Importance of Parallel Text in Machine Translation

Modern machine translation systems learn from existing translations how to translate. translate.tilde.com also is such a system — a statistical machine translation system computing probabilities based on existing translations. Then, the probabilities of the translations are used in translating.
For a computer to be able to compute the probabilities of translations, we need the so-called parallel text, i.e., a text in one language with a corresponding translation in the other language; sentences of both texts should be aligned, i.e., we must know which sentence corresponds to which translation. The larger is the size of parallel texts available, the higher is the level of a machine translator you can train. Therefore, the parallel text is very significant in the development of machine translation.

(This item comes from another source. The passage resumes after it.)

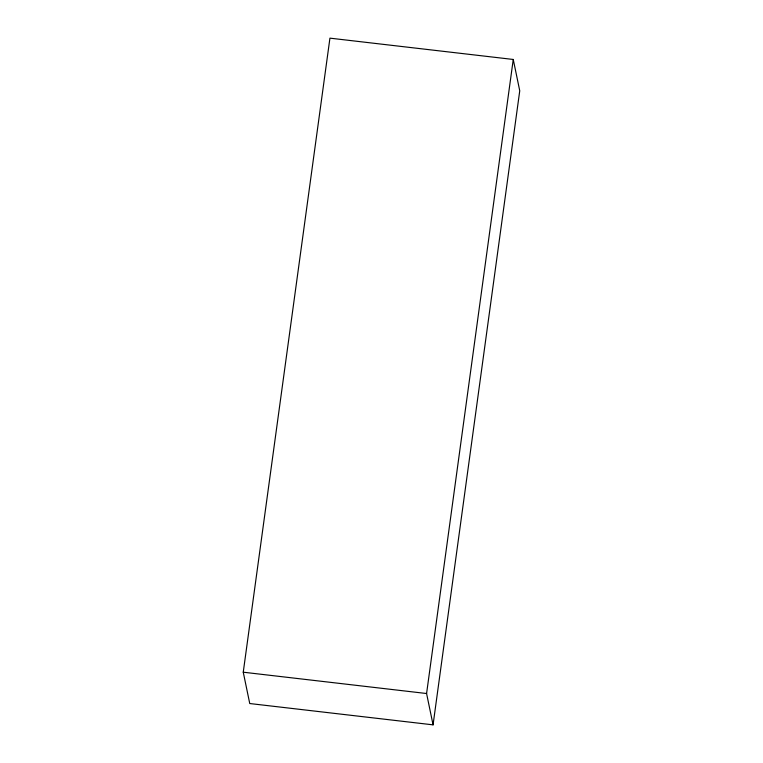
<?xml version="1.0" encoding="UTF-8"?>
<svg xmlns="http://www.w3.org/2000/svg" width="763" height="763" viewBox="0 0 763 763"><rect width="100%" height="100%" fill="white"/><g stroke="black" fill="none" stroke-linecap="round" stroke-linejoin="round"><path stroke-width="1.14" d="M243.254 672.203L329.931 38.15L513.251 59.466L519.746 90.797L433.069 724.85L249.749 703.534L243.254 672.203L426.584 693.519L433.069 724.85M426.584 693.519L513.251 59.466"/></g></svg>

As a result, globally today various projects and activities take place with the aim to collect as many as possible parallel texts for both improving the machine translation and increasing the productivity of human translators. Tilde is also involved in a number of such activities. They include research projects, development projects of new services, and just good initiatives. This time, I'll tell about one of such initiatives, next time — about research and other projects we are involved in.

Tilde in collaboration with other companies such as Adobe, Oracle, Sun, Intel, Microsoft, etc., is one of the founders of the international TAUS Data Association (TAUS DA). The organization was created with the aim to share parallel text resources among those who have large parallel text resources available to them. The TAUS DA database contains translations from different organizations, including companies, EU institutions, individual translators. And these translations are very useful both in increasing the productivity of translators and in improving the machine translation systems. Tilde, too, has made available a big part of translations done in Tilde, and now they are included in the TAUS DA database.

Currently, these are just the first steps of real application (for details, see: http://www.tausdata.org/index.php/visitor-center/use-cases). Tilde also together with Adobe took part in an experiment organized by the TAUS DA with the aim to find out whether it is possible to create a customized machine translation system over a very short period of time (24 h) based on the TAUS DA data that would assist in translating real software interface and documentation. The answer is: yes, within 24 hours you can create a machine translation system based on the TAUS DA data that provides good English–Latvian translations of Adobe texts.